The following is an example of what is possible. To learn the notation, see Introduction to transforms.

Engine example

engine:
  include:
    ["**/*.md", "**/*.xml", "**/*.gradle", "**/*.java"]
  exclude:
    ["**/secret/**"]
  let:
    - name: includePoms
      expression:
        "#buildType == 'Maven'"
    - name: includeGradle
      expression: "#buildType == 'Gradle'"
  merge:
    - condition:
        "#includeGradle"
      include: ["*.gradle"]
    - condition: "#includePoms"
      include: ["pom.xml"]
    - include: ["**/*.java", "README.md"]
      chain:
        - type: ReplaceText
          substitutions:
            - text: "Hello World!"
              with: "#greeting"
  chain:
    - type: RewritePath
      regex: (.*)simpleboot(.*)
      rewriteTo: "#g1 + #packageName + #g2"
    - type: ReplaceText
      substitutions:
        - text: simpleboot
          with: "#packageName"
  onConflict:
    Fail

Engine notation descriptions

This section describes the notations in the preceding example.

engine is the global transformation node. It produces the final set of files to be zipped and returned from the accelerator. As input, it receives all the files from the accelerator repository root. The properties in this node dictate how this set of files is transformed into a final set of files zipped as the accelerator result.

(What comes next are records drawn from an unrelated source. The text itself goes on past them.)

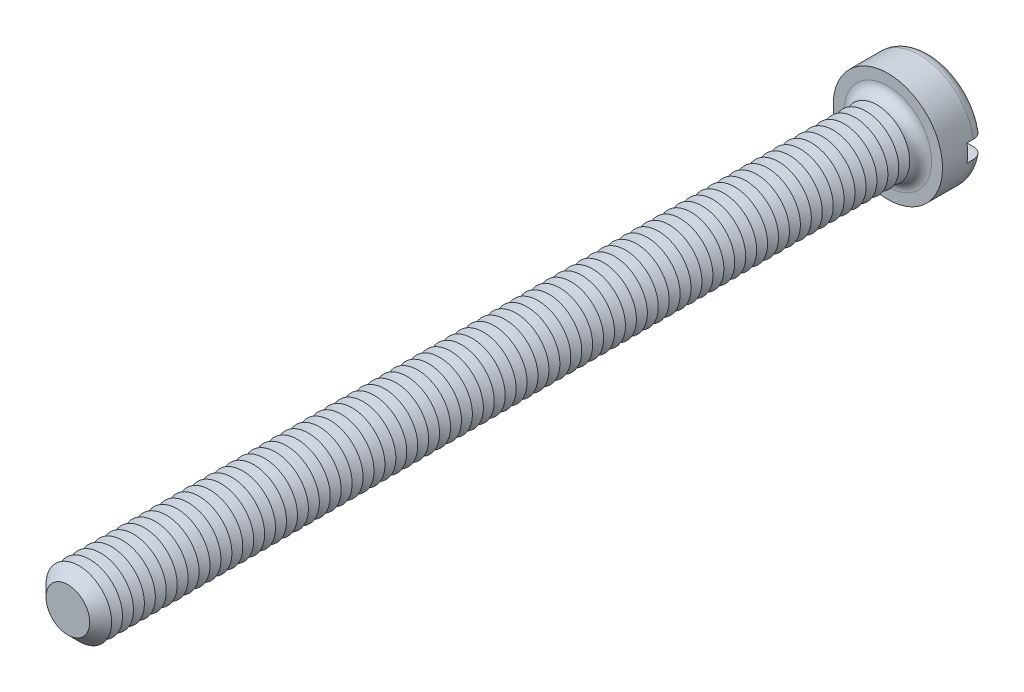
ISO-10303-21;
HEADER;
FILE_DESCRIPTION(('STEP AP214'),'2;1');
FILE_NAME('part.step','',(''),(''),'','','');
FILE_SCHEMA(('AUTOMOTIVE_DESIGN { 1 0 10303 214 1 1 1 1 }'));
ENDSEC;
DATA;
#1=APPLICATION_CONTEXT('core data for automotive mechanical design processes');
#2=APPLICATION_PROTOCOL_DEFINITION('international standard','automotive_design',2000,#1);
#3=PRODUCT_CONTEXT('',#1,'mechanical');
#4=PRODUCT('Part','Part','',(#3));
#5=PRODUCT_RELATED_PRODUCT_CATEGORY('part','',(#4));
#6=PRODUCT_DEFINITION_FORMATION('','',#4);
#7=PRODUCT_DEFINITION_CONTEXT('part definition',#1,'design');
#8=PRODUCT_DEFINITION('design','',#6,#7);
#9=PRODUCT_DEFINITION_SHAPE('','',#8);
#10=(LENGTH_UNIT() NAMED_UNIT(*) SI_UNIT(.MILLI.,.METRE.));
#11=(NAMED_UNIT(*) PLANE_ANGLE_UNIT() SI_UNIT($,.RADIAN.));
#12=(NAMED_UNIT(*) SI_UNIT($,.STERADIAN.) SOLID_ANGLE_UNIT());
#13=UNCERTAINTY_MEASURE_WITH_UNIT(LENGTH_MEASURE(1.E-05),#10,'distance_accuracy_value','');
#14=(GEOMETRIC_REPRESENTATION_CONTEXT(3) GLOBAL_UNCERTAINTY_ASSIGNED_CONTEXT((#13)) GLOBAL_UNIT_ASSIGNED_CONTEXT((#10,
#11,#12)) REPRESENTATION_CONTEXT('',''));
#15=CARTESIAN_POINT('',(0.,0.,0.));
#16=DIRECTION('',(0.,0.,1.));
#17=DIRECTION('',(1.,0.,0.));
#18=AXIS2_PLACEMENT_3D('',#15,#16,#17);
#19=CARTESIAN_POINT('',(0.,0.,-3.9));
#20=DIRECTION('',(0.,0.,1.));
#21=DIRECTION('',(1.,0.,0.));
#22=AXIS2_PLACEMENT_3D('',#19,#20,#21);
#23=PLANE('',#22);
#24=CARTESIAN_POINT('',(0.,0.,-3.9));
#25=DIRECTION('',(0.,0.,1.));
#26=DIRECTION('',(1.,0.,0.));
#27=AXIS2_PLACEMENT_3D('',#24,#25,#26);
#28=CIRCLE('',#27,4.);
#29=CARTESIAN_POINT('',(-3.91918358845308,0.800000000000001,-3.9));
#30=VERTEX_POINT('',#29);
#31=CARTESIAN_POINT('',(3.91918358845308,0.8,-3.9));
#32=VERTEX_POINT('',#31);
#33=EDGE_CURVE('E116',#30,#32,#28,.F.);
#34=ORIENTED_EDGE('',*,*,#33,.T.);
#35=DIRECTION('',(1.,0.,0.));
#36=VECTOR('',#35,1.);
#37=CARTESIAN_POINT('',(-5.,0.800000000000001,-3.9));
#38=LINE('',#37,#36);
#39=EDGE_CURVE('E111',#30,#32,#38,.T.);
#40=ORIENTED_EDGE('',*,*,#39,.F.);
#41=EDGE_LOOP('',(#34,#40));
#42=FACE_BOUND('',#41,.T.);
#43=ADVANCED_FACE('F39',(#42),#23,.F.);
#44=CARTESIAN_POINT('',(0.,0.,-2.9));
#45=DIRECTION('',(0.,0.,1.));
#46=DIRECTION('',(1.,0.,0.));
#47=AXIS2_PLACEMENT_3D('',#44,#45,#46);
#48=TOROIDAL_SURFACE('',#47,4.,1.);
#49=CARTESIAN_POINT('',(-4.76648512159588,0.800000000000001,-3.45304061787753));
#50=CARTESIAN_POINT('',(-4.73486405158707,0.800000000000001,-3.50001565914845));
#51=CARTESIAN_POINT('',(-4.69920787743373,0.800000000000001,-3.54432871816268));
#52=CARTESIAN_POINT('',(-4.62090302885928,0.800000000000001,-3.62634638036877));
#53=CARTESIAN_POINT('',(-4.57824494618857,0.800000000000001,-3.66404194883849));
#54=CARTESIAN_POINT('',(-4.48726975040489,0.800000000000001,-3.73172278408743));
#55=CARTESIAN_POINT('',(-4.43895902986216,0.800000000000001,-3.76171664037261));
#56=CARTESIAN_POINT('',(-4.33804923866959,0.800000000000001,-3.81326437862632));
#57=CARTESIAN_POINT('',(-4.2854512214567,0.800000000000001,-3.8348203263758));
#58=CARTESIAN_POINT('',(-4.17679895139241,0.800000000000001,-3.86918431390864));
#59=CARTESIAN_POINT('',(-4.12071163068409,0.800000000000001,-3.88188775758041));
#60=CARTESIAN_POINT('',(-4.00720729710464,0.800000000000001,-3.89785932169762));
#61=CARTESIAN_POINT('',(-3.94979011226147,0.800000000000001,-3.9011262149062));
#62=CARTESIAN_POINT('',(-3.83429042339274,0.800000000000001,-3.89816676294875));
#63=CARTESIAN_POINT('',(-3.77621176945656,0.800000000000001,-3.89178937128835));
#64=CARTESIAN_POINT('',(-3.66191938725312,0.800000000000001,-3.8694726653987));
#65=CARTESIAN_POINT('',(-3.60570580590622,0.800000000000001,-3.85353259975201));
#66=CARTESIAN_POINT('',(-3.49618749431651,0.800000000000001,-3.81233202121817));
#67=CARTESIAN_POINT('',(-3.44291561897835,0.800000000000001,-3.78698406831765));
#68=CARTESIAN_POINT('',(-3.34140774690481,0.800000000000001,-3.72766098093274));
#69=CARTESIAN_POINT('',(-3.29317182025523,0.800000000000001,-3.69368572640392));
#70=CARTESIAN_POINT('',(-3.20343355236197,0.800000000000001,-3.6182054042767));
#71=CARTESIAN_POINT('',(-3.16189680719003,0.800000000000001,-3.57674128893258));
#72=CARTESIAN_POINT('',(-3.08658236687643,0.800000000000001,-3.48727547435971));
#73=CARTESIAN_POINT('',(-3.05280364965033,0.800000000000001,-3.43927463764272));
#74=CARTESIAN_POINT('',(-2.99489532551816,0.800000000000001,-3.33932895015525));
#75=CARTESIAN_POINT('',(-2.97055012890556,0.800000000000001,-3.28750911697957));
#76=CARTESIAN_POINT('',(-2.93124252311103,0.800000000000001,-3.18042600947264));
#77=CARTESIAN_POINT('',(-2.91627793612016,0.800000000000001,-3.12516353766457));
#78=CARTESIAN_POINT('',(-2.89663075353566,0.800000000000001,-3.01470560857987));
#79=CARTESIAN_POINT('',(-2.89162828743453,0.800000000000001,-2.95956691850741));
#80=CARTESIAN_POINT('',(-2.89112479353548,0.800000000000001,-2.84924961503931));
#81=CARTESIAN_POINT('',(-2.89562264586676,0.800000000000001,-2.79407100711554));
#82=CARTESIAN_POINT('',(-2.91379565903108,0.800000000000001,-2.6861912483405));
#83=CARTESIAN_POINT('',(-2.92731815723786,0.800000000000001,-2.63346424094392));
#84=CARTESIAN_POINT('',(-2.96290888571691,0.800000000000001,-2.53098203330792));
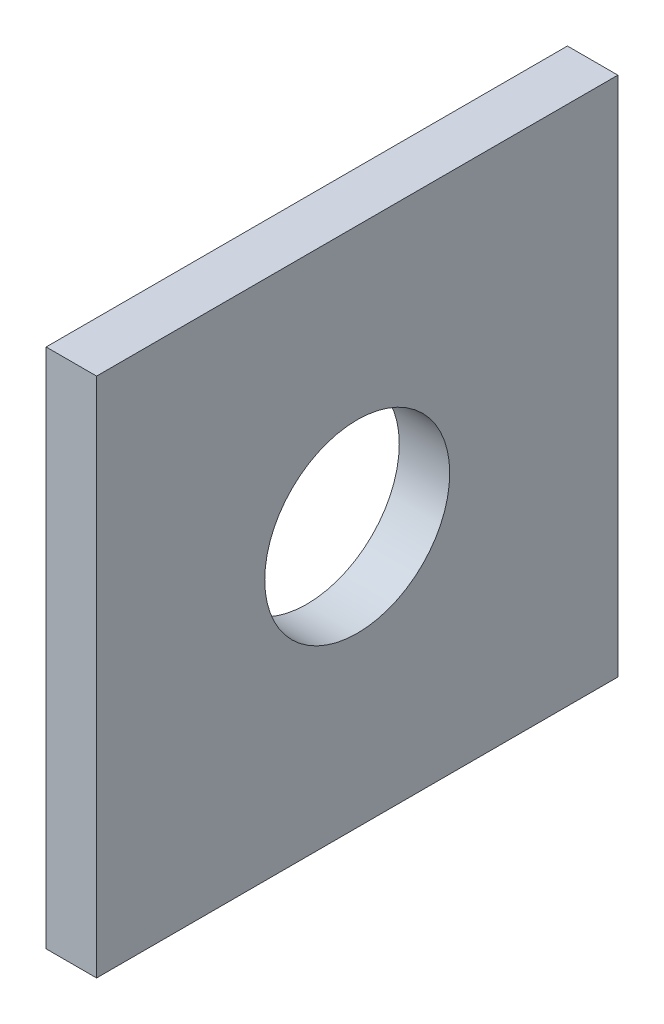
from build123d import *

# Parameters (mm, degrees)
SKETCH1_W  = 62
SKETCH1_H  = 62
SKETCH1_R  = 11
BODY_DEPTH = 6


with BuildPart() as part:
    # Sketch1 → Body (new body)
    with BuildSketch(Plane(origin=(0, 0, 0), x_dir=(0, 0, -1), z_dir=(1, 0, 0))):
        Rectangle(SKETCH1_W, SKETCH1_H)
        Circle(SKETCH1_R, mode=Mode.SUBTRACT)
    extrude(amount=-BODY_DEPTH)


solid = part.part

engine.include filters the set of files, retaining only those matching a list of path patterns. This ensures that that the accelerator only detects files in the repository that match the list of patterns.

engine.exclude further restricts which files are detected. The example ensures files in any directory called secret are never detected.

engine.let defines additional variables and assigns them values. These derived symbols function such as options, but instead of being supplied from a UI widget, they are computed by the accelerator itself.

engine.merge executes each of its children in parallel. Each child receives a copy of the current set of input files. These are files remaining after applying the include and exclude filters. Each of the children therefore produces a set of files. All the files from all the children are then combined, as if overlaid on top of each other in the same directory. If more than one child produces a file with the same path, the transform resolves the conflict by dropping the file contents from the earlier child and keeping the contents from the later child.

engine.merge.chain specifies additional transformations to apply to the set of files produced by this child. In the example, ReplaceText is only applied to Java files and README.md.

engine.chain applies transformation to all files globally. The chain has a list of child transformations. These transformations are applied after everything else in the same node. This is the global node. The children in a chain are applied sequentially.

engine.onConflict specifies how conflict is handled when an operation, such as merging, produces multiple files at the same path: - Fail raises an error when there is a conflict. - UseFirst keeps the contents of the first file. - UseLast keeps the contents of the last file. - Append keeps both by using cat <first-file> <second-file>.